Content starts
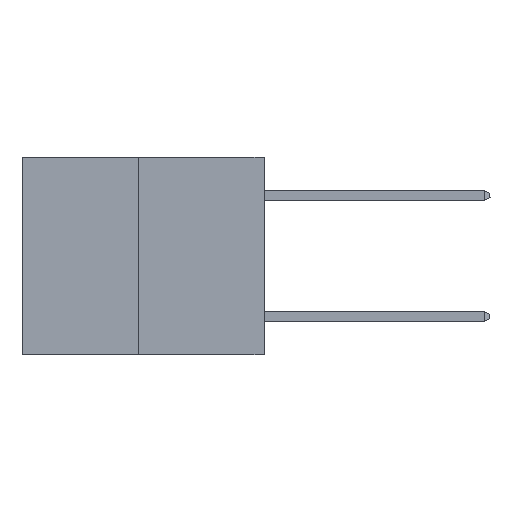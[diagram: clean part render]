
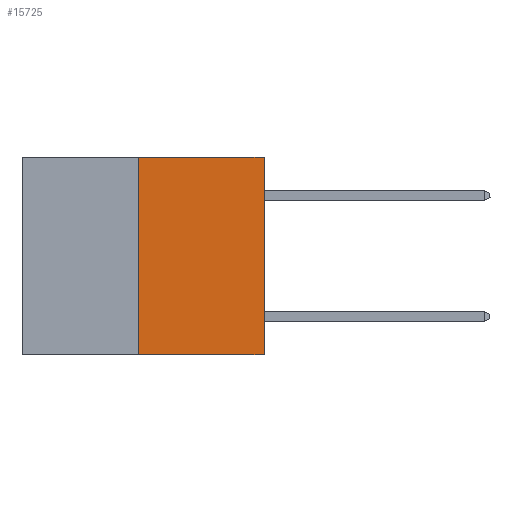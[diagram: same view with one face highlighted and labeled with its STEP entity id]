
A CAD part, left-side view. The second image highlights one B-rep face of the part: STEP entity #15725.
In plain terms, the highlighted planar face has unit normal (-1, 0, 0).
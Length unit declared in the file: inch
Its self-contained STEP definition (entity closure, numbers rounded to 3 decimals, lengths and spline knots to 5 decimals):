
#2172 = DIRECTION ( 'NONE',  ( 1., 0., 0. ) ) ;
#2903 = EDGE_CURVE ( 'NONE', #29730, #29571, #26301, .T. ) ;
#3359 = EDGE_CURVE ( 'NONE', #29730, #12349, #17987, .T. ) ;
#3787 = DIRECTION ( 'NONE',  ( 0., 0., 1. ) ) ;
#5271 = CARTESIAN_POINT ( 'NONE',  ( 0., 0.312, -0.49 ) ) ;
#5505 = VECTOR ( 'NONE', #29222, 39.37008 ) ;
#5931 = DIRECTION ( 'NONE',  ( 0., 0., 1. ) ) ;
#6422 = CARTESIAN_POINT ( 'NONE',  ( 0., 0.6, 0. ) ) ;
#8132 = LINE ( 'NONE', #24954, #20228 ) ;
#11759 = FACE_OUTER_BOUND ( 'NONE', #16277, .T. ) ;
#12326 = CARTESIAN_POINT ( 'NONE',  ( 0., 0.6, -0.49 ) ) ;
#12349 = VERTEX_POINT ( 'NONE', #29904 ) ;
#12439 = DIRECTION ( 'NONE',  ( 0., -1., 0. ) ) ;
#12987 = EDGE_CURVE ( 'NONE', #29571, #13831, #8132, .T. ) ;
#12990 = CARTESIAN_POINT ( 'NONE',  ( 0., 0., 0. ) ) ;
#13831 = VERTEX_POINT ( 'NONE', #12990 ) ;
#14756 = CARTESIAN_POINT ( 'NONE',  ( 0., 0.312, -0.49 ) ) ;
#15725 = ADVANCED_FACE ( 'NONE', ( #11759 ), #16489, .F. ) ;
#16277 = EDGE_LOOP ( 'NONE', ( #29641, #26911, #17208, #28750 ) ) ;
#16489 = PLANE ( 'NONE',  #21295 ) ;
#17208 = ORIENTED_EDGE ( 'NONE', *, *, #12987, .T. ) ;
#17987 = LINE ( 'NONE', #5271, #28953 ) ;
#20228 = VECTOR ( 'NONE', #5931, 39.37008 ) ;
#21295 = AXIS2_PLACEMENT_3D ( 'NONE', #23763, #2172, #26070 ) ;
#22535 = EDGE_CURVE ( 'NONE', #12349, #13831, #30348, .T. ) ;
#23763 = CARTESIAN_POINT ( 'NONE',  ( 0., 0.6, 0. ) ) ;
#24954 = CARTESIAN_POINT ( 'NONE',  ( 0., 0., 0. ) ) ;
#26070 = DIRECTION ( 'NONE',  ( 0., 0., -1. ) ) ;
#26187 = VECTOR ( 'NONE', #12439, 39.37008 ) ;
#26301 = LINE ( 'NONE', #12326, #5505 ) ;
#26911 = ORIENTED_EDGE ( 'NONE', *, *, #2903, .T. ) ;
#27543 = CARTESIAN_POINT ( 'NONE',  ( 0., 0., -0.49 ) ) ;
#28750 = ORIENTED_EDGE ( 'NONE', *, *, #22535, .F. ) ;
#28953 = VECTOR ( 'NONE', #3787, 39.37008 ) ;
#29222 = DIRECTION ( 'NONE',  ( 0., -1., 0. ) ) ;
#29571 = VERTEX_POINT ( 'NONE', #27543 ) ;
#29641 = ORIENTED_EDGE ( 'NONE', *, *, #3359, .F. ) ;
#29730 = VERTEX_POINT ( 'NONE', #14756 ) ;
#29904 = CARTESIAN_POINT ( 'NONE',  ( 0., 0.312, 0. ) ) ;
#30348 = LINE ( 'NONE', #6422, #26187 ) ;
Content ends
Quote only the lines from the line containing "#11759 = FACE_OUTER_BOUND" through the end of the entries, keeping the first and the last.

(Response to the exercise):
#11759 = FACE_OUTER_BOUND ( 'NONE', #16277, .T. ) ;
#12326 = CARTESIAN_POINT ( 'NONE',  ( 0., 0.6, -0.49 ) ) ;
#12349 = VERTEX_POINT ( 'NONE', #29904 ) ;
#12439 = DIRECTION ( 'NONE',  ( 0., -1., 0. ) ) ;
#12987 = EDGE_CURVE ( 'NONE', #29571, #13831, #8132, .T. ) ;
#12990 = CARTESIAN_POINT ( 'NONE',  ( 0., 0., 0. ) ) ;
#13831 = VERTEX_POINT ( 'NONE', #12990 ) ;
#14756 = CARTESIAN_POINT ( 'NONE',  ( 0., 0.312, -0.49 ) ) ;
#15725 = ADVANCED_FACE ( 'NONE', ( #11759 ), #16489, .F. ) ;
#16277 = EDGE_LOOP ( 'NONE', ( #29641, #26911, #17208, #28750 ) ) ;
#16489 = PLANE ( 'NONE',  #21295 ) ;
#17208 = ORIENTED_EDGE ( 'NONE', *, *, #12987, .T. ) ;
#17987 = LINE ( 'NONE', #5271, #28953 ) ;
#20228 = VECTOR ( 'NONE', #5931, 39.37008 ) ;
#21295 = AXIS2_PLACEMENT_3D ( 'NONE', #23763, #2172, #26070 ) ;
#22535 = EDGE_CURVE ( 'NONE', #12349, #13831, #30348, .T. ) ;
#23763 = CARTESIAN_POINT ( 'NONE',  ( 0., 0.6, 0. ) ) ;
#24954 = CARTESIAN_POINT ( 'NONE',  ( 0., 0., 0. ) ) ;
#26070 = DIRECTION ( 'NONE',  ( 0., 0., -1. ) ) ;
#26187 = VECTOR ( 'NONE', #12439, 39.37008 ) ;
#26301 = LINE ( 'NONE', #12326, #5505 ) ;
#26911 = ORIENTED_EDGE ( 'NONE', *, *, #2903, .T. ) ;
#27543 = CARTESIAN_POINT ( 'NONE',  ( 0., 0., -0.49 ) ) ;
#28750 = ORIENTED_EDGE ( 'NONE', *, *, #22535, .F. ) ;
#28953 = VECTOR ( 'NONE', #3787, 39.37008 ) ;
#29222 = DIRECTION ( 'NONE',  ( 0., -1., 0. ) ) ;
#29571 = VERTEX_POINT ( 'NONE', #27543 ) ;
#29641 = ORIENTED_EDGE ( 'NONE', *, *, #3359, .F. ) ;
#29730 = VERTEX_POINT ( 'NONE', #14756 ) ;
#29904 = CARTESIAN_POINT ( 'NONE',  ( 0., 0.312, 0. ) ) ;
#30348 = LINE ( 'NONE', #6422, #26187 ) ;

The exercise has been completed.